DATA:
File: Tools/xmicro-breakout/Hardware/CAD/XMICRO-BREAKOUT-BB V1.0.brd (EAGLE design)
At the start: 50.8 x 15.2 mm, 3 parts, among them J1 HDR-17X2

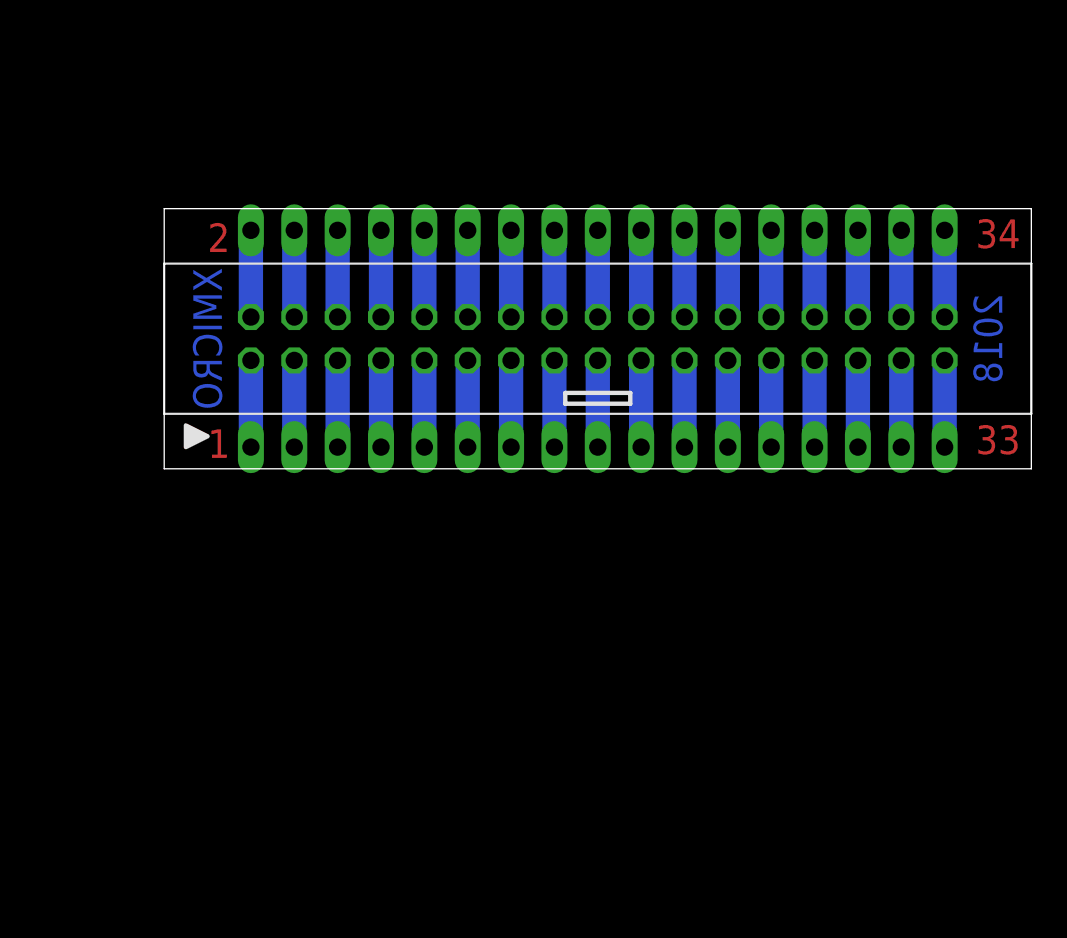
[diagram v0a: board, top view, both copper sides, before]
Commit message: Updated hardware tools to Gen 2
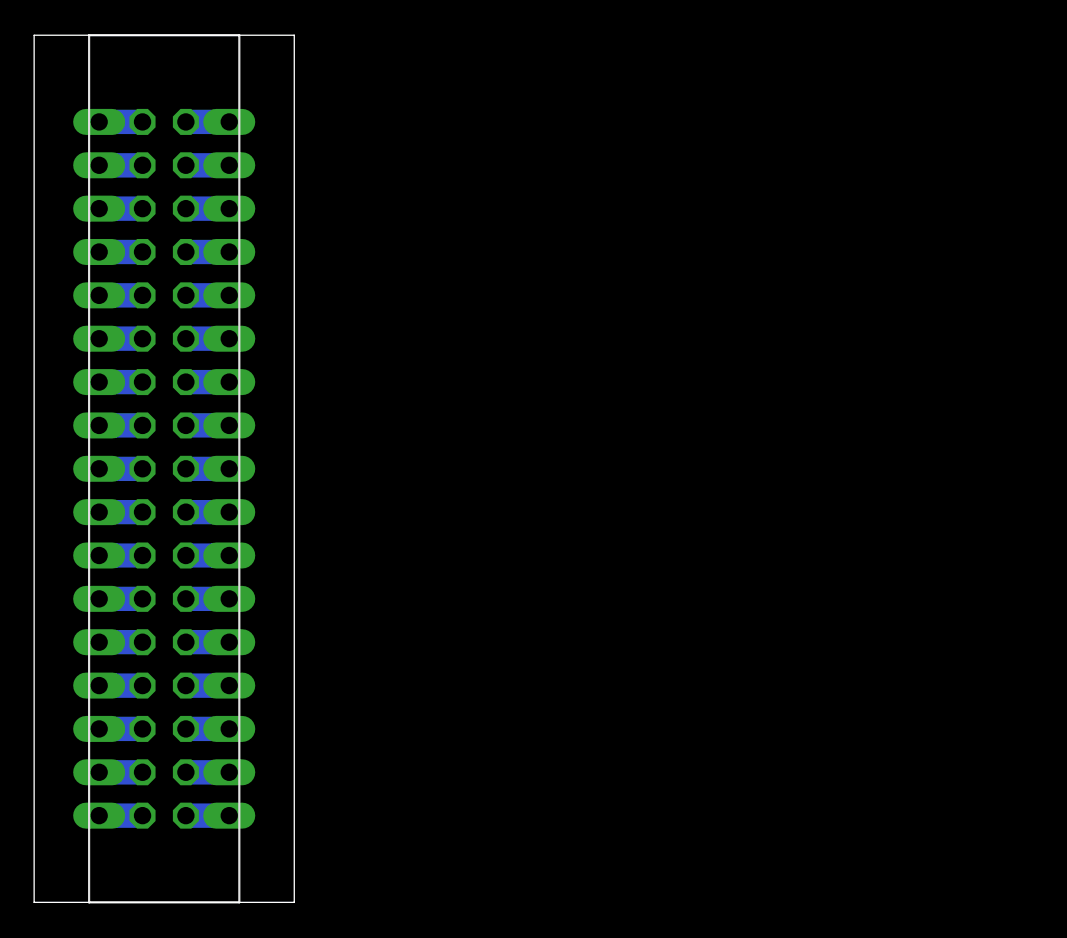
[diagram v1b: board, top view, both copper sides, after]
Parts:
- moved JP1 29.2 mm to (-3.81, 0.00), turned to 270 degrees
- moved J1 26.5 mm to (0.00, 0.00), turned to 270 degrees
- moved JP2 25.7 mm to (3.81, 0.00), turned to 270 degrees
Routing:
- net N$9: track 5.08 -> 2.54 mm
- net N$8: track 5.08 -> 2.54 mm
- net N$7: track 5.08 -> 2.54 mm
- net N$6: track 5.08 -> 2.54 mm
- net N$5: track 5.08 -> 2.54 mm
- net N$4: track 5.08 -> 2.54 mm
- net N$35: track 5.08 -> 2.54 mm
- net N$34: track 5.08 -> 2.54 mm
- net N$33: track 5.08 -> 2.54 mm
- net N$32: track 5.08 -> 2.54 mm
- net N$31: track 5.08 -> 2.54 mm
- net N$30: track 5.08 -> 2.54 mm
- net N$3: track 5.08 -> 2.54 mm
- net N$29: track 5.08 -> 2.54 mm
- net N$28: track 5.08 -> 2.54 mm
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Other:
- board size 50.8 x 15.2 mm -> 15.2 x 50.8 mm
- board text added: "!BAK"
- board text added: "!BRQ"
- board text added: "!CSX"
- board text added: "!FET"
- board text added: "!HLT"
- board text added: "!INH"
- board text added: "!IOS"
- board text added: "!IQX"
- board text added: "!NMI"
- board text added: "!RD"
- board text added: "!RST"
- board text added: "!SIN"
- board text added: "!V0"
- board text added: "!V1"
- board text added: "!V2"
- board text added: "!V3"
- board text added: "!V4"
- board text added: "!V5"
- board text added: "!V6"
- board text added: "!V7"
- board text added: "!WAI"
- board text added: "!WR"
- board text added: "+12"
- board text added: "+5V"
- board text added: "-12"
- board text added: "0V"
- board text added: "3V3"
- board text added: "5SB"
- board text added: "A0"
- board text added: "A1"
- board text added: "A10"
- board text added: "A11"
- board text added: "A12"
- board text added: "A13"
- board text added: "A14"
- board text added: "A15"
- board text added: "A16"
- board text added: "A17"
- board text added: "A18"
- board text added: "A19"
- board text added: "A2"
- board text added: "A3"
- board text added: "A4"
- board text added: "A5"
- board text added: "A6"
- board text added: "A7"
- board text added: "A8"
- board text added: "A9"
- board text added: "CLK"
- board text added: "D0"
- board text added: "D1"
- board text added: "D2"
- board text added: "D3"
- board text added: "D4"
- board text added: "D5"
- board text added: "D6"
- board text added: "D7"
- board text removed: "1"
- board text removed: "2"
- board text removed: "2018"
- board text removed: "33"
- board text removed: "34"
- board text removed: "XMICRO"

WHAT IS BEING ASKED:
Extract, from the listing above, every line where the string "removed" occurs.

REPLY:
- board text removed: "1"
- board text removed: "2"
- board text removed: "2018"
- board text removed: "33"
- board text removed: "34"
- board text removed: "XMICRO"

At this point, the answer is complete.